Bei gleichem Lohn für jede Arbeit würden die Menschen zunächst bestrebt sein, das zu arbeiten, was sie möchten, was ihnen am Herzen liegt. Die einen würden gerne Straßen fegen, die anderen lieber programmieren, die dritten am liebsten splitten: mal körperliche Arbeit, mal geistige. Es gäbe z.B. keine ÄrztInnen mehr, die bloß auf Geld und/oder Prestige aus wären. ÄrztInnen wären diejenigen, die ÄrztInnen sein wollen. Ihr Können im Allgemeinen wäre besser. Nicht mehr diese beschränkte Auslese beschränkter Menschen aus betuchten Familien. Und: motivierte Menschen entwickeln mehr Ideen -- Verbesserungsideen überall!
Zu berücksichtigen wäre: Manche brauchen mehr Zeit für sich als andere, zum Beispiel, weil sie eine scheiß Kindheit hatten, oder weil der Alltag für sie wegen normabweichender Konstitutionen mehr Mühe macht, oder weil sie unbedingt etwas machen wollen, dessen Sinn und Nutzen außer ihnen niemand versteht. Solche Dinge wären zu berücksichtigen, könnten auch ohne Zwang und Kontrollen berücksichtigt werden. Die meisten Menschen haben sowieso meistens Lust, was für andere zu machen, was auf die Beine zu stellen, das Anerkennung findet. Ohne Arbeitszwang gäbe es keinen Grund, auf sogenannte Faulenzer neidisch zu sein. Sogar diejenigen, die Arbeit als Wert für sich ansehen, könnten nach ihrer Erfahrung urteilen, also z.B. sich mal fragen, ob sie überhaupt Leute kennen, auf die Urteile wie "faul" usw. zutreffen und denen es dabei psychisch auch noch gut geht.

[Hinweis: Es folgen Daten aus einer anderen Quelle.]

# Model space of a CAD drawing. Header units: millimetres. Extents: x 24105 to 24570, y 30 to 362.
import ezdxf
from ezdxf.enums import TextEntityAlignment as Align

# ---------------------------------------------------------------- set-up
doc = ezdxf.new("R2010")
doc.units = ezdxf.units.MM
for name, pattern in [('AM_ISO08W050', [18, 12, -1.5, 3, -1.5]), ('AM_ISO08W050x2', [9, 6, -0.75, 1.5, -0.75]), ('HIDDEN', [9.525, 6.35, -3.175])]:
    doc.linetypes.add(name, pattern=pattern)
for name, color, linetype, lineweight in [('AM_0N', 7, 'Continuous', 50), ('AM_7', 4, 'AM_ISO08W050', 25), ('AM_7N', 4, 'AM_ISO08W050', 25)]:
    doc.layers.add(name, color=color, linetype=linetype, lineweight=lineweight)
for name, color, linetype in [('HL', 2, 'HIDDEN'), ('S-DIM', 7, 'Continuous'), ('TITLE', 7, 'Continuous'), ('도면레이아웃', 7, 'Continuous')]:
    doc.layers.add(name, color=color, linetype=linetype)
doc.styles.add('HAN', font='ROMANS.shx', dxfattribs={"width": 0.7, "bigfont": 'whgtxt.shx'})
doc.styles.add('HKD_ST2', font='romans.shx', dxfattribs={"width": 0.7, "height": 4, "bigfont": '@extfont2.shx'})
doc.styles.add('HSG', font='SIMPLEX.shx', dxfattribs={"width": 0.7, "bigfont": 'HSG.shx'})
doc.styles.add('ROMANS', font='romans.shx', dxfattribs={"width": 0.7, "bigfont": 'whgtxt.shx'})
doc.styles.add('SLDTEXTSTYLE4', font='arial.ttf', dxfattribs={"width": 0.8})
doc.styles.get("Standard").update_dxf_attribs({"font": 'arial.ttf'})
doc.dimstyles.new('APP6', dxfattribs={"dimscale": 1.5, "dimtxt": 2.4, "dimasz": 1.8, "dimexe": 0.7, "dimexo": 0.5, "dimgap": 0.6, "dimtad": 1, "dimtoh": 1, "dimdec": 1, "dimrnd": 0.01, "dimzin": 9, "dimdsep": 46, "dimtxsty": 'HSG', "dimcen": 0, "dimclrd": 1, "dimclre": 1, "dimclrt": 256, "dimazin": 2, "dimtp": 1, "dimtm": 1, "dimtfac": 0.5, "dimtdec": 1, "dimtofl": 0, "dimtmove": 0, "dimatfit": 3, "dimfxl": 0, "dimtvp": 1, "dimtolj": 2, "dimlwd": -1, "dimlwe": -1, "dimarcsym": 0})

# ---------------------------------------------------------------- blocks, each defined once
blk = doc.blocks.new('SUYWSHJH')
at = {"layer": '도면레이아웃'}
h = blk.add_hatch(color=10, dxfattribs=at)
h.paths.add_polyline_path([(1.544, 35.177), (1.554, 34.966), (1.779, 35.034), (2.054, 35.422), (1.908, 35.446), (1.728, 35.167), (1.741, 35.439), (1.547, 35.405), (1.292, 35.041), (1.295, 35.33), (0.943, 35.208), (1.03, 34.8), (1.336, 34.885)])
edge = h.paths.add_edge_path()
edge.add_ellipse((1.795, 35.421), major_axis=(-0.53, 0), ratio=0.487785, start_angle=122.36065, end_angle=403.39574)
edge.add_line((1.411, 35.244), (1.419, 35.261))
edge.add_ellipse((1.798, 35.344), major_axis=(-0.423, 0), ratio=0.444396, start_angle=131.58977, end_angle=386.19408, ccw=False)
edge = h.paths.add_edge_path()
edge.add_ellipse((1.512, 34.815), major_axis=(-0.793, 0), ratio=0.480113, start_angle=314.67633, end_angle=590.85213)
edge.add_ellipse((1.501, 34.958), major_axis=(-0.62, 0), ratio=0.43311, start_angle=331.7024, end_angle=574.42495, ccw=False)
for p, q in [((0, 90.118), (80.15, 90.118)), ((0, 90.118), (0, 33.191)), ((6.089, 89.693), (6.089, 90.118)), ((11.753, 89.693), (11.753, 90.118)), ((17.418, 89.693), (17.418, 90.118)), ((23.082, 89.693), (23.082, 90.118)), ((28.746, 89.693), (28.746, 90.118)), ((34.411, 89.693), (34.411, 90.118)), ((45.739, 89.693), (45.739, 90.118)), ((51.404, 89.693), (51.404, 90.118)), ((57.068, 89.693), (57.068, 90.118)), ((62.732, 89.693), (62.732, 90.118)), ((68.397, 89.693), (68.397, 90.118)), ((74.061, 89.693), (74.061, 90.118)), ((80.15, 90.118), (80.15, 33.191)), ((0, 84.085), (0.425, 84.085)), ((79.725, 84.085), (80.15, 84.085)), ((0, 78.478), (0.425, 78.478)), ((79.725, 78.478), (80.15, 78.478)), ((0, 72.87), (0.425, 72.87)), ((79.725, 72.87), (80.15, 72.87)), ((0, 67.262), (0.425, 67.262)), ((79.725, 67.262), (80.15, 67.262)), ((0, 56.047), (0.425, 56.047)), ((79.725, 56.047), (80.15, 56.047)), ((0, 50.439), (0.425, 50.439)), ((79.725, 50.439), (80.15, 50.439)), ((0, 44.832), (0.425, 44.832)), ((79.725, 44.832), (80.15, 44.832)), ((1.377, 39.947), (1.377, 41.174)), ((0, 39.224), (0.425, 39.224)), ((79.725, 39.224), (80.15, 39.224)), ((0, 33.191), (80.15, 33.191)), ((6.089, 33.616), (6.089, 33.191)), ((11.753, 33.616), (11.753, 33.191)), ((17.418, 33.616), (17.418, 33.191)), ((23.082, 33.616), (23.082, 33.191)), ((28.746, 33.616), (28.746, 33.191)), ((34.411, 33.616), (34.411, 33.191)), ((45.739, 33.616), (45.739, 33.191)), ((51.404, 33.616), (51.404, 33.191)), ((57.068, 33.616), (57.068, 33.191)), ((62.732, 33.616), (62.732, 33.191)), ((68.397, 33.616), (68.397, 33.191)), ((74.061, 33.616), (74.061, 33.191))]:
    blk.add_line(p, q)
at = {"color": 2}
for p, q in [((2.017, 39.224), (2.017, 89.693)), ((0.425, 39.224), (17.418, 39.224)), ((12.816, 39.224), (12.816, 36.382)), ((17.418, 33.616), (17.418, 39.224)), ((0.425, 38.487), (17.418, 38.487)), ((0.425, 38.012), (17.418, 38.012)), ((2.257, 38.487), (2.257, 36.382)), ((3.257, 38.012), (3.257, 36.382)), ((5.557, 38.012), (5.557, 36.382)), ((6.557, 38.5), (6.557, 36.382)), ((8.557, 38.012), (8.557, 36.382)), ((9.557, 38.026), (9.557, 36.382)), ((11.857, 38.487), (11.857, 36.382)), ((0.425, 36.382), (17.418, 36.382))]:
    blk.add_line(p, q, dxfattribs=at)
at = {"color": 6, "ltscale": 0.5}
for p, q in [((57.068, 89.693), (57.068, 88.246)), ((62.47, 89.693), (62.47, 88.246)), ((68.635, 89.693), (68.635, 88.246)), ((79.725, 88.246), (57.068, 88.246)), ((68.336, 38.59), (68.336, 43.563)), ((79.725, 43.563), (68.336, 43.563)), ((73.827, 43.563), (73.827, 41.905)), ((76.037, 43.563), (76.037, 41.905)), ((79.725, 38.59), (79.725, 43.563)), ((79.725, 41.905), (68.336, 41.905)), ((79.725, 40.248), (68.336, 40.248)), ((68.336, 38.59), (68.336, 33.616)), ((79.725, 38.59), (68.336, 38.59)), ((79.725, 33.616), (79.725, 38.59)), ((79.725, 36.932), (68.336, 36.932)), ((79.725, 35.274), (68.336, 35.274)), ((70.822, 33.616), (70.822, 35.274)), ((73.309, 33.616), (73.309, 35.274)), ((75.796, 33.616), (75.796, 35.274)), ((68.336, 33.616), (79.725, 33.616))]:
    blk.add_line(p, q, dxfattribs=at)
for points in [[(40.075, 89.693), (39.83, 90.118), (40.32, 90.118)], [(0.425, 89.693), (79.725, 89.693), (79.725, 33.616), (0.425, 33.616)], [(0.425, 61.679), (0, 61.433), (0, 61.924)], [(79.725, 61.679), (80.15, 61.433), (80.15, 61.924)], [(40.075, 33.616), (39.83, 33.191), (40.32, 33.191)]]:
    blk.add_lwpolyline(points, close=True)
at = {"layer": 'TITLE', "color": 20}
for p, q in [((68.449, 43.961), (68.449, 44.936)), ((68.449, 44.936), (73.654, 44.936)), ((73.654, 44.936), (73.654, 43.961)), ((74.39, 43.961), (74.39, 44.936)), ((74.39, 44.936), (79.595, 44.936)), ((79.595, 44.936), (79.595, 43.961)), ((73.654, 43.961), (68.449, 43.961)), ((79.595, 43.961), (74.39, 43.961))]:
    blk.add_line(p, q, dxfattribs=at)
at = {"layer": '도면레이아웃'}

Mir ist noch kein Kind begegnet, das mir nicht auf die Nerven geht, weil es bei allem Möglichen mithelfen will, was es noch gar nicht kann. Abwaschen zum Beispiel. Ist mir ein Rätsel, wie jemand sowas freiwillig machen wollen kann. Man kann Kindern die Lust auf Arbeit natürlich vermiesen, so dass sie als Jugendliche dann wie ein Schluck Wasser in den Ecken hängen. Kostet aber einige Arbeit, das zu erreichen.
Wahrscheinlich gäbe es Arbeiten, auf die zu wenig Menschen Lust hätten. Solche Arbeiten müssten dann privilegiert werden. Jetzt nichts gegen Müllabfuhr: aber, wenn sich zu wenig finden, die Müllabfuhr gerne machen, dann muss eben mit Vorteilen gelockt werden: mehr Urlaub, kürzere Arbeitszeit, mehr Lohn, frühere Rente. Entsprechend umgekehrt ließe sich das bei Berufen regulieren, die zu beliebt sind. Nach Angebot und Nachfrage eben. Echte Marktwirtschaft!
Also doch: unterschiedliche Löhne. Aber eben anders als jetzt: auf der Basis, dass alle Menschen gleichwertig sind. Unser Selbstwertgefühl wäre anders, das ganze Zusammenleben, die ganze Gesellschaft.